Allow process to run.
Reboot.

System restore would probably be the best option IF she can get to it.

 

[Charles Farley]

Sorry to jump in . . system restore might be infected also.

When you say AV pop-ups what do you mean . . specifically?

 

[alleycat]

I'm a Network Admin so I could explain the detailed process of finding registry files and OS file and editing them, but frankly it's a bother to do for anyone regardless of skill level.

If you do have to step Kate though this, we need to make sure she's in a very calm state of mind.

Someone doesn't need to be editing their registry when they're frustrated and mad.

 

[Keisha Perry]

System restore would probably be the best option IF she can get to it.

We had the same virus and it let me run it ONLY when I booted in safe mode. The other boot options like normal, and safe with networking did not work. The trick may have been being disconnected from the internet, but it worked for two computers so it's worth a shot.

 

[alleycat]

Let's see if she can get to System Restore before offering any other options.

 

[Keisha Perry]

If you do have to step Kate though this, we need to make sure she's in a very calm state of mind.

Someone doesn't need to be editing their registry when they're frustrated and mad.

Heck!
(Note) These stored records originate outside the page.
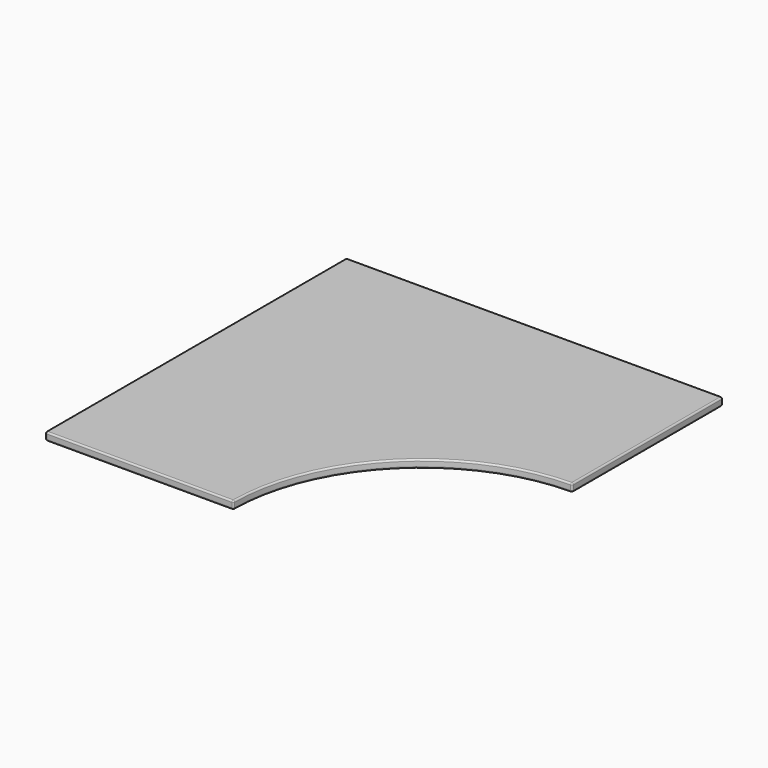
from build123d import *

# Parameters (mm, degrees)
F1_DEPTH = 25.4
F2_R     = 5.08
F3_R     = 5.08
F4_R     = 5.08
F5_R     = 5.08
F6_R     = 5.08
F9_R     = 5.08
F10_R    = 5.08


# Not quite as in the source:
# - the program builds the solid bodies; features that only make, move or delete a surface that nothing else refers to are left out


with BuildPart() as f1:
    # F0 (on Top) → F1 (new body)
    with BuildSketch(Plane.XY):
        with BuildLine():
            Line((596.8167068857, 124.9892751187), (596.8167068857, 724.9880751187))
            Line((596.8167068857, 724.9880751187), (-603.1832931143, 724.9880751187))
            Line((-603.1832931143, 724.9880751187), (-603.1832931143, -475.0095248813))
            Line((-603.1832931143, -475.0095248813), (-3.1820931143, -475.0095248813))
            ThreePointArc((-3.1820931143, -475.0095248813), (172.5534867019, -50.7463046975), (596.8167068857, 124.9892751187))
        make_face()
    extrude(amount=F1_DEPTH)

    # F2
    f2_edges = [f1.edges().sort_by_distance(p)[0] for p in [
        (-603.183293, -475.009525, 12.7),
    ]]
    fillet(f2_edges, radius=F2_R)

    # F3
    f3_edges = [f1.edges().sort_by_distance(p)[0] for p in [
        (-3.182093, -475.009525, 12.7),
    ]]
    fillet(f3_edges, radius=F3_R)

    # F4
    f4_edges = [f1.edges().sort_by_distance(p)[0] for p in [
        (596.816707, 124.989275, 12.7),
    ]]
    fillet(f4_edges, radius=F4_R)

    # F5
    f5_edges = [f1.edges().sort_by_distance(p)[0] for p in [
        (596.816707, 724.988075, 12.7),
    ]]
    fillet(f5_edges, radius=F5_R)

    # F6
    f6_edges = [f1.edges().sort_by_distance(p)[0] for p in [
        (-603.183293, 724.988075, 12.7),
    ]]
    fillet(f6_edges, radius=F6_R)

    # F9
    f9_edges = [f1.edges().sort_by_distance(p)[0] for p in [
        (-303.172031, -475.009525, 0),
    ]]
    fillet(f9_edges, radius=F9_R)

    # F10
    f10_edges = [f1.edges().sort_by_distance(p)[0] for p in [
        (-303.172031, -475.009525, 25.4),
    ]]
    fillet(f10_edges, radius=F10_R)


solid = f1.part

I got paid to edit registries and I still hate it. Windows can be such a pain.

 

[alleycat]

We had the same virus and it let me run it ONLY when I booted in safe mode. The other boot options like normal, and safe with networking did not work. The trick may have been being disconnected from the internet, but it worked for two computers so it's worth a shot.

Kate, try this if you can't get to System Restore normally.